La réponse des auteurs. » En nous accusant de malthusianisme, Philippe Coulangeon nous fait un faux procès. Nous ne souhaitons pas que les enfants et les jeunes aillent moins à l’école et soient moins instruits. En revanche, nous pensons qu’il n’est ni raisonnable ni juste de confier à l’école le monopôle de la définition et de la mesure du mérite des individus. Il faut bien que ceux qui n’ont pas de mérite scolaire puissent faire valoir leurs compétences dans d’autres épreuves et d’autres compétitions que celles que contrôle l’école », répondent F Duber, M Duru-Bellat et A Vérétout. » Le fait que tous les élèves tirent une utilité individuelle des diplômes ne signifie pas que cette utilité soit équitablement répartie. Elle peut être très chèrement payée par ceux qui n’ont pas de diplômes et elle peut être de plus en plus longue à acquérir pour ceux qui n’ont pas rejoint rapidement les élites scolaires pour lesquelles l’utilité est maximum… Nous avons aussi essayé de montrer que, plus les individus croient dans l’utilité et l’équité des diplômes, plus ils s’engagent dans une compétition qui accentue les inégalités scolaires afin de maintenir les avantages relatifs des diplômes. Au bout du compte, la reproduction sociale en sort renforcée puisque les mieux armés gagnent les batailles. »
Les jeunes : Sacrifiés ou enfermés ?
« Il n’est pas certain que la société française a « sacrifié » la jeunesse pour mieux protéger les générations plus anciennes. En revanche, la jeunesse française est comme écrasée par le poids d’un « tout scolaire » confiant à la seule école le monopole de la définition et de la mesure du mérite des individus ». Dans Le Monde, François Dubet publie une belle tribune qui égratigne les thèses de L Chauvel et revient sur le thème de l’inflation scolaire et des dégâts généras par l’Ecole.

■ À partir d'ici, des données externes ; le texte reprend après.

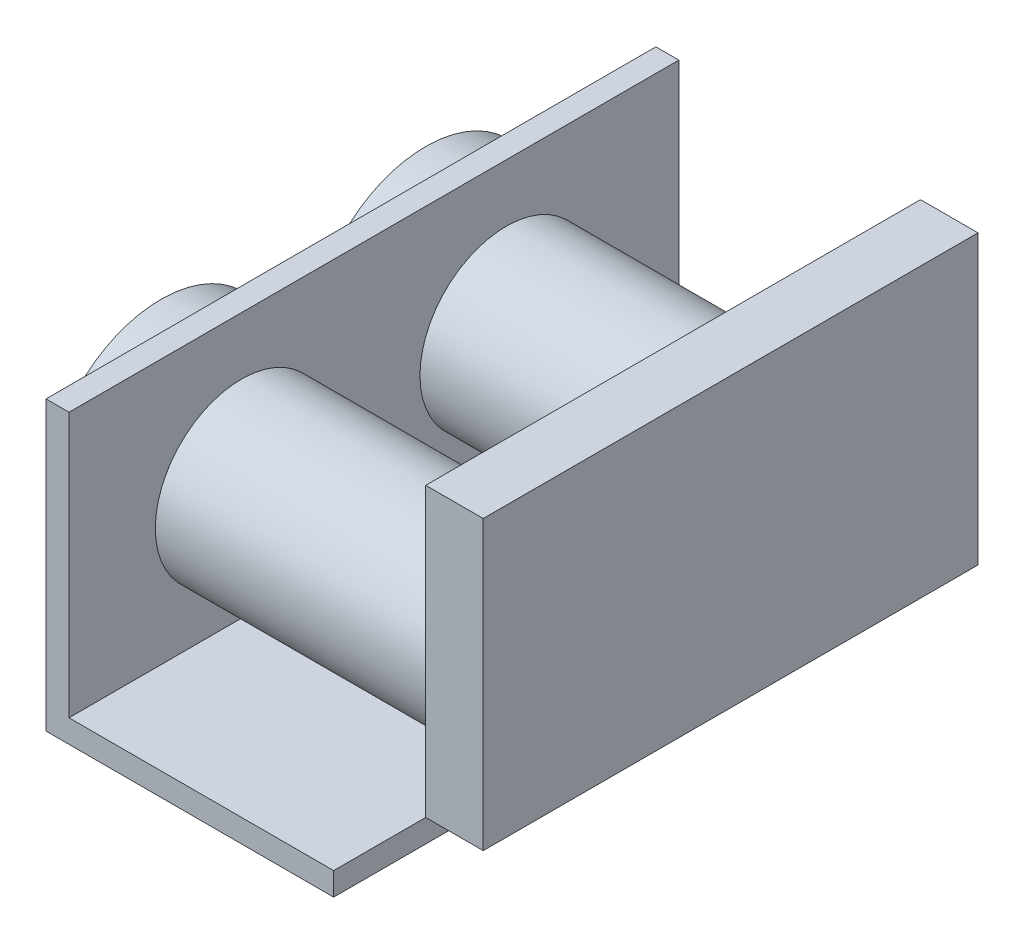
SolidWorks part; units mm, degrees
ref_plane "Front Plane" through (0, 0, 0) normal (0, 0, 1) x (1, 0, 0)
ref_plane "Top Plane" through (0, 0, 0) normal (0, 1, 0) x (1, 0, 0)
ref_plane "Right Plane" through (0, 0, 0) normal (1, 0, 0) x (0, 0, -1)
sketch "Sketch1" plane through (0, 0, 0) normal (0, 0, 1) x (1, 0, 0)
  line L0 (0, 0) -> (25, 0)
  line L1 (55, 0) -> (-55, 0) construction
  line L2 (0, 0) -> (0, 25)
  line L3 (0, -55) -> (0, 55) construction
  dimension "D1" = 25
  dimension "D2" = 25
extrude "Extrude-Thin1" add sketch "Sketch1" along normal blind 53 thin thin type one direction wall 2
sketch "Sketch2" plane through (0, 0, 0) normal (-1, 0, 0) x (0, 0, 1)
  line L0 (0, 12.5) -> (53, 12.5) construction
  line L1 (0, -13.75) -> (0, 13.75) construction
  line L2 (53, 0) -> (53, 25) construction
  circle A0 centre (15, 12.5) radius 10
  circle A1 centre (38, 12.5) radius 10
  dimension "D1" = 20
  dimension "D2" = 15
  dimension "D3" = 15
extrude "Boss-Extrude1" add sketch "Sketch2" along normal blind 5
sketch "Sketch4" plane through (-5, 0, 0) normal (-1, 0, 0) x (0, 0, 1)
  circle A0 centre (38, 12.5) radius 7.5
  circle A1 centre (15, 12.5) radius 7.5
  dimension "D1" = 15
  dimension "D2" = 15
extrude "Boss-Extrude2" add sketch "Sketch4" against normal blind 33
sketch "Sketch5" plane through (28, 0, 0) normal (1, 0, 0) x (0, 0, -1)
  line L0 (18.15, 0) -> (-18.15, 0) construction
  line L1 (-48, 30) -> (-5, 30)
  line L2 (-48, 30) -> (-48, 5)
  line L3 (-48, 5) -> (-5, 5)
  line L4 (-5, 30) -> (-5, 5)
  line L5 (-48, 30) -> (-5, 5) construction
  line L6 (-48, 5) -> (-5, 30) construction
  line L8 (0, 13.75) -> (0, -13.75) construction
  point P0 (-26.5, 17.5)
  dimension "D1" = 25
  dimension "D2" = 43
  dimension "D3" = 5
  dimension "D4" = 26.5
extrude "Boss-Extrude3" add sketch "Sketch5" along normal blind 5
sketch "Sketch6" plane through (0, 0, 0) normal (0, -1, 0) x (1, 0, 0)
  line L0 (0, -16.5) -> (0, 16.5) construction
  line L1 (16.5, 0) -> (-16.5, 0) construction
  circle A0 centre (15, 26.5) radius 1.5
  dimension "D1" = 15
  dimension "D2" = 3
  dimension "D3" = 26.5
extrude "Cut-Extrude1" cut sketch "Sketch6" against normal blind 5

« Le pessimisme, l’amertume et parfois la colère des jeunes français s’expliquent peut-être par le choix de protéger les générations chanceuses des années de croissance. Mais ils s’expliquent plus sûrement encore par la scolarisation excessive des parcours d’accès à l’emploi. Plus les parcours scolaires s’allongent, plus ils doivent être « parfaits » pour être utiles, plus la concurrence entre les formations et entre les individus devient forte et surtout, plus ceux qui ne réussissent pas finissent pas se persuader eux-mêmes qu’ils n’ont pas vraiment de place dans la société. Les jeunes français sont moins sacrifiés qu’ils ne sont enfermés dans une promesse de salut scolaire intenable. Nous devrions apprendre à élever le niveau de formation sans trop scolariser l’entrée dans la vie. »
L’article de P Coulangeon
http://www.laviedesidees.fr/Les-societes-malades-de-leur-ecole.html
La réponse
http://www.laviedesidees.fr/Le-diplome-contre-l-egalite.html
Le dossier du Café
http://cafepedagogique.studio-thil.com/lesdossiers/Pages/110320[…]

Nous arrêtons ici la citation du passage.